In this example some hosts have many more parasites on the left than right, whereas others have more on the right than left.

The hetereogeneity and total G-test statistics are both highly significant, but the pooled G-test is not significant at \(\alpha = 0.05\).

- A significant total G-test statistic indicates that overall the parasite distributions deviate from symmetry in some way.
- A non-significant pooled G-test shows there is no evidence of bias towards one side.
- A significant heterogeneity G-test reveals that the proportion of parasites on the left and right sides varies from host to host.

If we choose an FDR adjusted p-value of 0.05 as our significance threshold, we find five of ten hosts have asymmetric distributions of parasites.

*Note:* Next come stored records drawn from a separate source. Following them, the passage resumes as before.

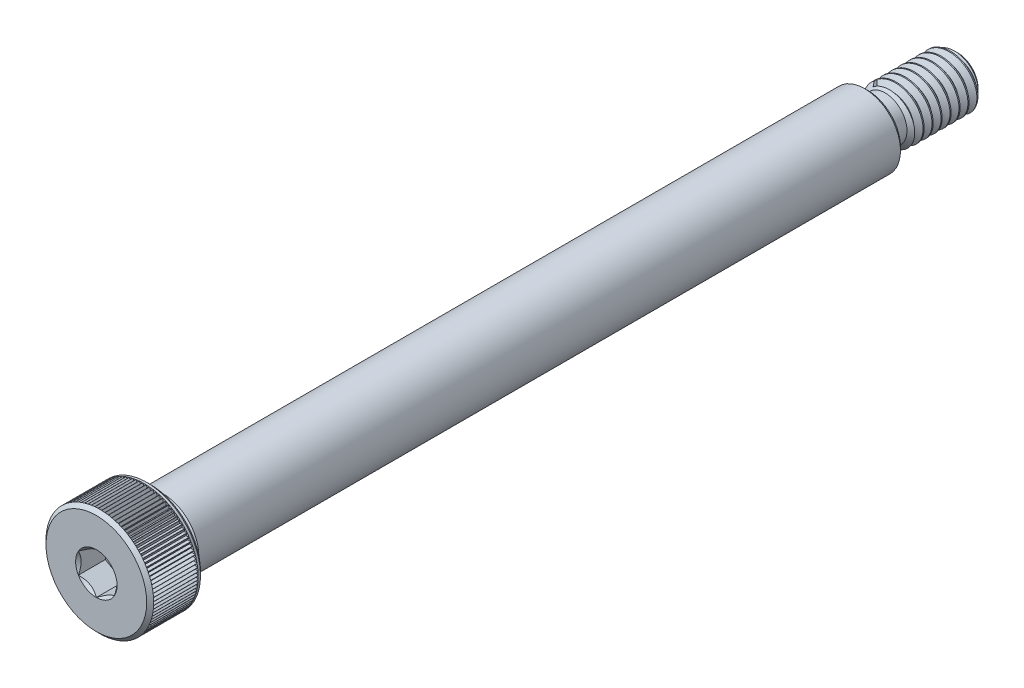
SolidWorks part; units mm, degrees
material "1.4310 (X10CrNi18-8)"
ref_plane "Front Plane" through (0, 0, 0) normal (0, 0, 1) x (1, 0, 0)
ref_plane "Top Plane" through (0, 0, 0) normal (0, 1, 0) x (1, 0, 0)
ref_plane "Right Plane" through (0, 0, 0) normal (1, 0, 0) x (0, 0, -1)
sketch "Sketch1" plane through (0, 0, 0) normal (1, 0, 0) x (0, 0, -1)
  line L0 (-24, 0) -> (24, 0) construction
  line L1 (-24, -3) -> (-24, 3) construction
  line L2 (-24, 3) -> (-21, 3) construction
  line L3 (-21, 3) -> (-21, 1.797) construction
  line L4 (-21, 1.797) -> (-20.492, 1.797) construction
  line L5 (-20.492, 1.797) -> (-20.289, 2) construction
  line L6 (-20.289, 2) -> (19, 2) construction
  line L7 (23.9688, 1.5541) -> (24.2188, 1.1211) construction
  line L8 (24.2188, 1.1211) -> (24.4688, 1.5541) construction
  line L9 (24, -1.5) -> (24, 1.5) construction
  line L10 (19, 2) -> (24, 2) construction
  line L11 (24.4688, 1.5541) -> (23.9688, 1.5541) construction
  line L12 (24.2188, 1.5541) -> (24.2188, 1.5) construction
  line L13 (24.2188, 1.1211) -> (24.2188, 1.1752) construction
  line L14 (24.25, 1.1752) -> (24.1875, 1.1752) construction
  line L15 (24.4375, 1.5) -> (24, 1.5) construction
  line L16 (24.2188, 1.5271) -> (24.4531, 1.5271) construction
  line L17 (24.2188, 1.5271) -> (23.9844, 1.5271) construction
  line L18 (-24, 2.805) -> (-23.805, 3) construction
  line L19 (-21.195, 3) -> (-21, 2.805) construction
  line L20 (24, 1.5) -> (19, 1.5) construction
  line L21 (23.625, 1.5) -> (24, 1.125) construction
  line L22 (20.2313, 1.5) -> (19.95, 1.2188) construction
  line L23 (19.95, 1.2188) -> (19.1406, 1.2187) construction
  line L24 (19, 1.5) -> (19, 1.3594) construction
  line L25 (-22.5, 1) -> (-22.5, -1) construction
  line L26 (-22.5, -1) -> (-24, -1) construction
  line L27 (-22.5, 1) -> (-24, 1) construction
  line L28 (-23.805, 0) -> (-21.3255, 0) construction
  arc A0 (19, 1.3594) -> (19.1406, 1.2187) centre (19.1406, 1.3594) ccw construction
  point P4 (0, 0)
  point P7 (-24, 0)
  point P18 (24, 0)
  point P25 (22.25, -1.5)
  point P38 (-22.5, 3)
  point P45 (-22.5, 0)
  point P46 (20.0906, 1.3594)
  point P48 (-20.492, 0)
  point P51 (-22.5, 0)
  point P52 (19, 0)
  point P53 (-19.2, 0)
  dimension "Head Diameter" = 6
  dimension "Head Height" = 3
  dimension "Thread Diameter" = 3
  dimension "Shoulder Diameter" = 4
  dimension "Thread Length" = 5
  dimension "D1" = 0.508
  dimension "D2" = 135
  dimension "D3" = 0.203
  dimension "Shoulder Length" = 40
  dimension "Thread Pitch" = 0.5
  dimension "D4" = 0.0625
  dimension "D5" = 1.75
  dimension "D6" = 0.195
  dimension "D7" = 0.375
  dimension "D8" = 2.4375
  dimension "D9" = 0.95
  dimension "Drive Size" = 2
  dimension "Knurling Length" = 2.4795
  dimension "D10" = 4.8
sketch "Sketch3" plane through (0, 0, 0) normal (1, 0, 0) x (0, 0, -1)
  line L0 (-24, 0) -> (-24, 2.805)
  line L1 (-24, -3) -> (-24, 3) construction
  line L2 (-24, 2.805) -> (-23.805, 3)
  line L3 (-23.805, 3) -> (-21.195, 3)
  line L4 (-21.195, 3) -> (-21, 2.805)
  line L5 (-21, 2.805) -> (-21, 1.797)
  line L6 (-21, 1.797) -> (-20.492, 1.797)
  line L7 (-20.492, 1.797) -> (-20.289, 2)
  line L8 (-20.289, 2) -> (19, 2)
  line L9 (19, 2) -> (19, 1.3594)
  line L10 (19.1406, 1.2187) -> (19.95, 1.2188)
  line L11 (19.95, 1.2188) -> (20.2313, 1.5)
  line L12 (20.2313, 1.5) -> (23.625, 1.5)
  line L13 (23.625, 1.5) -> (24, 1.125)
  line L14 (24, 1.125) -> (24, 0)
  line L15 (24, 0) -> (-24, 0)
  arc A0 (19, 1.3594) -> (19.1406, 1.2187) centre (19.1406, 1.3594) ccw construction
  arc A1 (19, 1.3594) -> (19.1406, 1.2187) centre (19.1406, 1.3594) ccw
revolve "Revolve1" add sketch "Sketch3" angle 360 about L0
sketch "Sketch4" plane through (0, 0, 0) normal (0, 0, 1) x (1, 0, 0)
  line L0 (0, -3) -> (0, 3) construction
  line L1 (0, 1.1547) -> (-1, 0.5774)
  line L2 (-1, 0.5774) -> (-1, -0.5774)
  line L3 (-1, -0.5774) -> (0, -1.1547)
  line L4 (0, -1.1547) -> (1, -0.5774)
  line L5 (1, -0.5774) -> (1, 0.5774)
  line L6 (1, 0.5774) -> (0, 1.1547)
  circle A0 centre (0, 0) radius 1 construction
extrude "Cut-Extrude1" cut sketch "Sketch4" against normal up to vertex (-22.5 mm away) from vertex at 24 starting at point (0, 0, 24)
sketch "Sketch5" plane through (0, 0, 0) normal (0, 0, 1) x (1, 0, 0)
  line L0 (0, -3) -> (0, 3) construction
  circle A0 centre (0, 0) radius 1.1547
extrude "Cut-Extrude2" cut sketch "Sketch5" against normal up to vertex (-22.5 mm away) draft 45 from vertex at 24 starting at point (0, 0, 24)
chamfer "Chamfer1" distance 0.195 angle 45 1 edges at (2, 0, -19)
sketch "Sketch6" plane through (0, 0, -24) normal (0, 0, -1) x (-1, 0, 0)
  circle A0 centre (0, 0) radius 1.5
curve "Helix/Spiral1" pitch 0.5 height 4.05 turns 8.1
sketch "Sketch7" plane through (0, 0, 0) normal (1, 0, 0) x (0, 0, -1)
  line L0 (23.9844, 1.5271) -> (24.1875, 1.1752)
  line L1 (24.1875, 1.1752) -> (24.25, 1.1752)
  line L2 (24.25, 1.1752) -> (24.4531, 1.5271)
  line L3 (24.4531, 1.5271) -> (23.9844, 1.5271)
sweep "Cut-Sweep1" cut profiles "Sketch7" path "Helix/Spiral1"
sketch "Sketch8" plane through (0, 0, 0) normal (0, 0, 1) x (1, 0, 0)
  line L0 (0, 3) -> (0, 0) construction
  line L1 (-0.0901, 3) -> (0.0901, 3)
  line L2 (0.0901, 3) -> (0, 2.844)
  line L3 (0, 2.844) -> (-0.0901, 3)
  line L4 (-0.0901, 3) -> (0, 0) construction
  line L5 (0, 0) -> (0.0901, 3) construction
  circle A0 centre (0, 0) radius 2.844 construction
  point P8 (0, 3)
  dimension "D1" = 0.156
  dimension "D2" = 3.439
extrude "Cut-Extrude3" cut sketch "Sketch8" against normal up to vertex (-21.3255 mm away) from vertex at 23.805 starting at point (0, 0, 23.805)
pattern_circular "CirPattern1" count 99 over 360 about axis through (0, 0, 0) along (0, 0, 1) of "Cut-Extrude3"
equation "\"D4@Sketch1\"=\"Thread Pitch@Sketch1\"/8"
equation "\"D5@Sketch1\"=\"Thread Pitch@Sketch1\"*3.5"
equation "\"D6@Sketch1\"=\"Head Diameter@Sketch1\"*.0325"
equation "\"D7@Sketch1\"=\"Thread Pitch@Sketch1\"*.75"
equation "\"D1@Chamfer1\"=\"D6@Sketch1\""
equation "\"D4@Helix/Spiral1\"=\"Thread Pitch@Sketch1\""
equation "\"D3@Helix/Spiral1\" = \"Thread Length@Sketch1\" - \"D9@Sketch1\""
equation "\"D1@Sketch8\"=\"D6@Sketch1\"*.8"
equation "\"D1@CirPattern1\"=(360/\"D2@Sketch8\")-6"
equation "\"D9@Sketch1\"  = \"Thread Length@Sketch1\"*.2"
equation "\"D8@Sketch1\"=\"Thread Diameter@Sketch1\"*.65"
equation "\"D10@Sketch1\"=\"Head Diameter@Sketch1\"*.8"

Of these five, three show a left bias and two a right bias. This is an example of inconsistent bias.

Benjamini, Y., and Y. Hochberg. 1995. “Controlling the False Discovery Rate: A Practical and Powerful Approach to Multiple Testing.” *Journal of the Royal Statistical Society B* 57: 289–300.

Holm, S. 1979. “A Simple Sequentially Rejective Multiple Test Procedure.” *Scandinavian Journal of Statistics* 6: 65–70.

Sokal, R.R., and F.J. Rohlf. 1995. *Biometry*. 3rd ed. New York: W.H. Freeman; Company.